Non seulement, il devient difficile de suivre un tel trafic, mais y rajouter des débris de tirs Asat n'arrange rien. Depuis la Terre, les observatoires se multiplient pour suivre le trafic d'en bas, mais de plus en plus d'opérateurs font appel à des nouvelles compagnies qui proposent de le suivre d'en haut... avec leur propre constellation de satellites !

Nombre de satellites mis en orbite par an depuis 2010 (premier trimestre 2022). © Daniel Chrétien, Spacekiwi

Non seulement les satellites sont de plus en plus en danger face aux autres, mais les opérateurs sont dans l'obligation de suivre 24h/24 les menaces de débris. Quand la menace est trop forte, les opérateurs doivent réaliser des manœuvres d'évitement qui consomment du carburant et réduisent par conséquent la vie du satellite. Quand la menace pèse sur une station spatiale, les astronautes doivent se réfugier dans leurs vaisseaux respectifs et attendre, prêts à partir en urgence. Tout cela leur coûte de plus en plus de temps qui est déjà très précieux dans leur mission.

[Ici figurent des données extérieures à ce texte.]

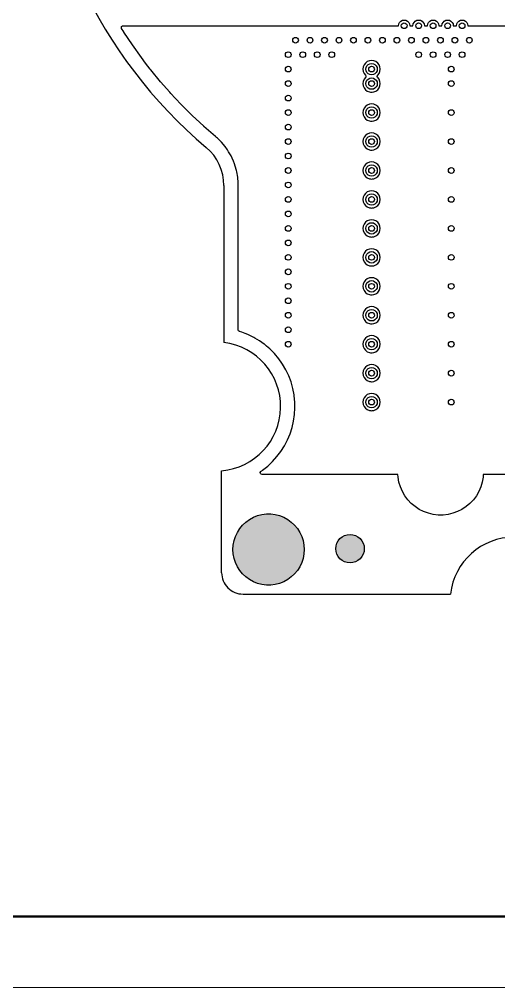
# Model space of a CAD drawing. Header units: millimetres. Extents: x -3894 to -3474, y -291 to 6.
# Drawn here: x -3843.2 to -3809.6, y -291 to -223 of the extents above; entities that cross this region are included whole.
import ezdxf

# ---------------------------------------------------------------- set-up
doc = ezdxf.new("R2010")
doc.units = ezdxf.units.MM
doc.layers.add('BLACK', color=7, linetype='Continuous')
doc.layers.add('ОСНОВНОЙ', color=7, linetype='Continuous', lineweight=25)

msp = doc.modelspace()

# ---------------------------------------------------------------- hatches: boundary and pattern name
h = msp.add_hatch(color=256)
h.paths.add_polyline_path([(-3823.26, -260.233), (-3823.279, -259.92), (-3823.338, -259.611), (-3823.435, -259.313), (-3823.569, -259.029), (-3823.737, -258.764), (-3823.937, -258.522), (-3824.166, -258.307), (-3824.42, -258.122), (-3824.695, -257.971), (-3824.987, -257.855), (-3825.291, -257.777), (-3825.603, -257.738), (-3825.917, -257.738), (-3826.228, -257.777), (-3826.532, -257.855), (-3826.824, -257.971), (-3827.099, -258.122), (-3827.353, -258.307), (-3827.582, -258.522), (-3827.782, -258.764), (-3827.95, -259.029), (-3828.084, -259.313), (-3828.181, -259.611), (-3828.24, -259.92), (-3828.26, -260.233), (-3828.24, -260.546), (-3828.181, -260.855), (-3828.084, -261.153), (-3827.95, -261.437), (-3827.782, -261.703), (-3827.582, -261.944), (-3827.353, -262.159), (-3827.099, -262.344), (-3826.824, -262.495), (-3826.532, -262.611), (-3826.228, -262.689), (-3825.917, -262.728), (-3825.603, -262.728), (-3825.291, -262.689), (-3824.987, -262.611), (-3824.695, -262.495), (-3824.42, -262.344), (-3824.166, -262.159), (-3823.937, -261.944), (-3823.737, -261.703), (-3823.569, -261.437), (-3823.435, -261.153), (-3823.338, -260.855), (-3823.279, -260.546)])
h.paths.add_polyline_path([(-3819.064, -259.978), (-3819.121, -259.79), (-3819.213, -259.617), (-3819.338, -259.466), (-3819.489, -259.342), (-3819.662, -259.249), (-3819.85, -259.192), (-3820.045, -259.173), (-3820.24, -259.192), (-3820.427, -259.249), (-3820.6, -259.342), (-3820.752, -259.466), (-3820.876, -259.617), (-3820.969, -259.79), (-3821.025, -259.978), (-3821.045, -260.173), (-3821.025, -260.368), (-3820.969, -260.556), (-3820.876, -260.729), (-3820.752, -260.88), (-3820.6, -261.005), (-3820.427, -261.097), (-3820.24, -261.154), (-3820.045, -261.173), (-3819.85, -261.154), (-3819.662, -261.097), (-3819.489, -261.005), (-3819.338, -260.88), (-3819.213, -260.729), (-3819.121, -260.556), (-3819.064, -260.368), (-3819.045, -260.173)])
h.paths.add_polyline_path([(-3800.716, -253.792), (-3800.854, -253.472), (-3801.028, -253.17), (-3801.237, -252.89), (-3801.476, -252.636), (-3801.743, -252.412), (-3802.035, -252.22), (-3802.346, -252.063), (-3802.674, -251.944), (-3803.014, -251.864), (-3803.36, -251.823), (-3803.709, -251.823), (-3804.056, -251.864), (-3804.395, -251.944), (-3804.723, -252.063), (-3805.035, -252.22), (-3805.326, -252.412), (-3805.593, -252.636), (-3805.833, -252.89), (-3806.041, -253.17), (-3806.216, -253.472), (-3806.354, -253.792), (-3806.454, -254.126), (-3806.514, -254.47), (-3806.535, -254.818), (-3806.514, -255.166), (-3806.454, -255.51), (-3806.354, -255.844), (-3806.216, -256.164), (-3806.041, -256.467), (-3805.833, -256.746), (-3805.593, -257), (-3805.326, -257.224), (-3805.035, -257.416), (-3804.723, -257.573), (-3804.395, -257.692), (-3804.056, -257.772), (-3803.709, -257.813), (-3803.36, -257.813), (-3803.014, -257.772), (-3802.674, -257.692), (-3802.346, -257.573), (-3802.035, -257.416), (-3801.743, -257.224), (-3801.476, -257), (-3801.237, -256.746), (-3801.028, -256.467), (-3800.854, -256.164), (-3800.716, -255.844), (-3800.616, -255.51), (-3800.555, -255.166), (-3800.535, -254.818), (-3800.555, -254.47), (-3800.616, -254.126)])
h.paths.add_polyline_path([(-3796.204, -252.478), (-3796.261, -252.29), (-3796.353, -252.117), (-3796.478, -251.966), (-3796.629, -251.842), (-3796.802, -251.749), (-3796.99, -251.692), (-3797.185, -251.673), (-3797.38, -251.692), (-3797.567, -251.749), (-3797.74, -251.842), (-3797.892, -251.966), (-3798.016, -252.117), (-3798.109, -252.29), (-3798.165, -252.478), (-3798.185, -252.673), (-3798.165, -252.868), (-3798.109, -253.056), (-3798.016, -253.229), (-3797.892, -253.38), (-3797.74, -253.505), (-3797.567, -253.597), (-3797.38, -253.654), (-3797.185, -253.673), (-3796.99, -253.654), (-3796.802, -253.597), (-3796.629, -253.505), (-3796.478, -253.38), (-3796.353, -253.229), (-3796.261, -253.056), (-3796.204, -252.868), (-3796.185, -252.673)])
h.paths.add_polyline_path([(-3796.261, -259.79), (-3796.353, -259.617), (-3796.478, -259.466), (-3796.629, -259.342), (-3796.802, -259.249), (-3796.99, -259.192), (-3797.185, -259.173), (-3797.38, -259.192), (-3797.567, -259.249), (-3797.74, -259.342), (-3797.892, -259.466), (-3798.016, -259.617), (-3798.109, -259.79), (-3798.165, -259.978), (-3798.185, -260.173), (-3798.165, -260.368), (-3798.109, -260.556), (-3798.016, -260.729), (-3797.892, -260.88), (-3797.74, -261.005), (-3797.567, -261.097), (-3797.38, -261.154), (-3797.185, -261.173), (-3796.99, -261.154), (-3796.802, -261.097), (-3796.629, -261.005), (-3796.478, -260.88), (-3796.353, -260.729), (-3796.261, -260.556), (-3796.204, -260.368), (-3796.185, -260.173), (-3796.204, -259.978)])
h.paths.add_polyline_path([(-3788.354, -259.92), (-3788.413, -259.611), (-3788.51, -259.313), (-3788.644, -259.029), (-3788.812, -258.764), (-3789.012, -258.522), (-3789.241, -258.307), (-3789.495, -258.122), (-3789.77, -257.971), (-3790.062, -257.855), (-3790.366, -257.777), (-3790.678, -257.738), (-3790.992, -257.738), (-3791.303, -257.777), (-3791.607, -257.855), (-3791.899, -257.971), (-3792.174, -258.122), (-3792.428, -258.307), (-3792.657, -258.522), (-3792.857, -258.764), (-3793.025, -259.029), (-3793.159, -259.313), (-3793.256, -259.611), (-3793.315, -259.92), (-3793.335, -260.233), (-3793.315, -260.546), (-3793.256, -260.855), (-3793.159, -261.153), (-3793.025, -261.437), (-3792.857, -261.703), (-3792.657, -261.944), (-3792.428, -262.159), (-3792.174, -262.344), (-3791.899, -262.495), (-3791.607, -262.611), (-3791.303, -262.689), (-3790.992, -262.728), (-3790.678, -262.728), (-3790.366, -262.689), (-3790.062, -262.611), (-3789.77, -262.495), (-3789.495, -262.344), (-3789.241, -262.159), (-3789.012, -261.944), (-3788.812, -261.703), (-3788.644, -261.437), (-3788.51, -261.153), (-3788.413, -260.855), (-3788.354, -260.546), (-3788.335, -260.233)])

# ---------------------------------------------------------------- linework, layer by layer
at = {"color": 7, "linetype": 'Continuous', "lineweight": 50}
msp.add_line((-3873.756, -285.979), (-3478.756, -285.979), dxfattribs=at)
at = {"color": 7, "linetype": 'Continuous', "lineweight": 18}
msp.add_line((-3893.756, -290.979), (-3473.756, -290.979), dxfattribs=at)
at = {"layer": 'BLACK', "linetype": 'Continuous'}
for p, q in [((-3836.087, -223.594), (-3836.067, -223.528)), ((-3836.067, -223.528), (-3836.013, -223.483)), ((-3836.013, -223.483), (-3835.964, -223.473)), ((-3835.964, -223.473), (-3816.65, -223.473)), ((-3816.65, -223.473), (-3816.63, -223.349)), ((-3816.63, -223.349), (-3816.573, -223.238)), ((-3816.573, -223.238), (-3816.485, -223.149)), ((-3816.485, -223.149), (-3816.373, -223.092)), ((-3816.373, -223.092), (-3816.25, -223.073)), ((-3816.25, -223.073), (-3816.126, -223.092)), ((-3816.126, -223.092), (-3816.015, -223.149)), ((-3816.015, -223.149), (-3815.926, -223.238)), ((-3815.926, -223.238), (-3815.869, -223.349)), ((-3815.869, -223.349), (-3815.85, -223.473)), ((-3815.85, -223.473), (-3815.634, -223.473)), ((-3815.634, -223.473), (-3815.614, -223.349)), ((-3815.614, -223.349), (-3815.557, -223.238)), ((-3815.557, -223.238), (-3815.469, -223.149)), ((-3815.469, -223.149), (-3815.357, -223.092)), ((-3815.357, -223.092), (-3815.234, -223.073)), ((-3815.234, -223.073), (-3815.11, -223.092)), ((-3815.11, -223.092), (-3814.999, -223.149)), ((-3814.999, -223.149), (-3814.91, -223.238)), ((-3814.91, -223.238), (-3814.853, -223.349)), ((-3814.853, -223.349), (-3814.834, -223.473)), ((-3814.834, -223.473), (-3814.618, -223.473)), ((-3814.618, -223.473), (-3814.598, -223.349)), ((-3814.598, -223.349), (-3814.541, -223.238)), ((-3814.541, -223.238), (-3814.453, -223.149)), ((-3814.453, -223.149), (-3814.341, -223.092)), ((-3814.341, -223.092), (-3814.218, -223.073)), ((-3814.218, -223.073), (-3814.094, -223.092)), ((-3814.094, -223.092), (-3813.983, -223.149)), ((-3813.983, -223.149), (-3813.894, -223.238)), ((-3813.894, -223.238), (-3813.837, -223.349)), ((-3813.837, -223.349), (-3813.818, -223.473)), ((-3813.818, -223.473), (-3813.602, -223.473)), ((-3813.602, -223.473), (-3813.582, -223.349)), ((-3813.582, -223.349), (-3813.525, -223.238)), ((-3813.525, -223.238), (-3813.437, -223.149)), ((-3813.437, -223.149), (-3813.325, -223.092)), ((-3813.325, -223.092), (-3813.202, -223.073)), ((-3813.202, -223.073), (-3813.078, -223.092)), ((-3813.078, -223.092), (-3812.967, -223.149)), ((-3812.967, -223.149), (-3812.878, -223.238)), ((-3812.878, -223.238), (-3812.821, -223.349)), ((-3812.821, -223.349), (-3812.802, -223.473)), ((-3812.802, -223.473), (-3812.586, -223.473)), ((-3812.586, -223.473), (-3812.566, -223.349)), ((-3812.566, -223.349), (-3812.509, -223.238)), ((-3812.509, -223.238), (-3812.421, -223.149)), ((-3812.421, -223.149), (-3812.309, -223.092)), ((-3812.309, -223.092), (-3812.186, -223.073)), ((-3812.186, -223.073), (-3812.062, -223.092)), ((-3812.062, -223.092), (-3811.951, -223.149)), ((-3811.951, -223.149), (-3811.862, -223.238)), ((-3811.862, -223.238), (-3811.805, -223.349)), ((-3811.805, -223.349), (-3811.786, -223.473)), ((-3811.786, -223.473), (-3781.098, -223.473)), ((-3836.069, -223.662), (-3836.087, -223.594)), ((-3835.915, -223.913), (-3836.069, -223.662)), ((-3835.912, -223.916), (-3835.915, -223.913)), ((-3835.314, -224.819), (-3835.912, -223.916)), ((-3835.311, -224.822), (-3835.314, -224.819)), ((-3834.683, -225.705), (-3835.311, -224.822)), ((-3834.68, -225.708), (-3834.683, -225.705)), ((-3834.387, -226.093), (-3834.68, -225.708)), ((-3834.059, -226.521), (-3834.387, -226.093)), ((-3819.06, -226.218), (-3819.121, -226.364)), ((-3818.964, -226.093), (-3819.06, -226.218)), ((-3818.839, -225.996), (-3818.964, -226.093)), ((-3818.859, -226.286), (-3818.771, -226.197)), ((-3818.693, -225.936), (-3818.839, -225.996)), ((-3818.771, -226.197), (-3818.659, -226.14)), ((-3818.536, -225.915), (-3818.693, -225.936)), ((-3818.693, -225.936), (-3818.693, -225.936)), ((-3818.659, -226.14), (-3818.536, -226.121)), ((-3818.379, -225.936), (-3818.536, -225.915)), ((-3818.536, -225.915), (-3818.536, -225.915)), ((-3818.536, -226.121), (-3818.412, -226.14)), ((-3818.412, -226.14), (-3818.301, -226.197)), ((-3818.233, -225.996), (-3818.379, -225.936)), ((-3818.379, -225.936), (-3818.379, -225.936)), ((-3818.301, -226.197), (-3818.212, -226.286)), ((-3818.108, -226.093), (-3818.233, -225.996)), ((-3818.011, -226.218), (-3818.108, -226.093)), ((-3817.951, -226.364), (-3818.011, -226.218)), ((-3834.023, -226.569), (-3834.059, -226.521)), ((-3834.02, -226.572), (-3834.023, -226.569)), ((-3833.334, -227.41), (-3834.02, -226.572)), ((-3819.121, -226.364), (-3819.142, -226.521)), ((-3819.142, -226.521), (-3819.142, -226.521)), ((-3819.142, -226.521), (-3819.121, -226.678)), ((-3819.121, -226.364), (-3819.121, -226.364)), ((-3819.121, -226.678), (-3819.121, -226.678)), ((-3819.121, -226.678), (-3819.06, -226.824)), ((-3819.06, -226.824), (-3818.961, -226.953)), ((-3818.961, -226.953), (-3818.936, -227.018)), ((-3818.936, -226.521), (-3818.916, -226.397)), ((-3818.916, -226.644), (-3818.936, -226.521)), ((-3818.916, -226.397), (-3818.859, -226.286)), ((-3818.859, -226.756), (-3818.916, -226.644)), ((-3818.771, -226.844), (-3818.859, -226.756)), ((-3818.659, -226.901), (-3818.771, -226.844)), ((-3818.536, -226.921), (-3818.659, -226.901)), ((-3818.412, -226.901), (-3818.536, -226.921)), ((-3818.301, -226.844), (-3818.412, -226.901)), ((-3818.212, -226.756), (-3818.301, -226.844)), ((-3818.212, -226.286), (-3818.155, -226.397)), ((-3818.155, -226.644), (-3818.212, -226.756)), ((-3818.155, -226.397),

L'autre problème est que les débris occupent des orbites qui pourraient être exploitées. Toutes ces zones inoccupées sont de plus en plus importantes dans un espace de moins en moins grand et rapportant de plus en plus d'argent. Arrêter les tests anti-satellite est donc une mesure salutaire et plus qu'attendue. Encore faudra-t-il qu'elle soit suivie.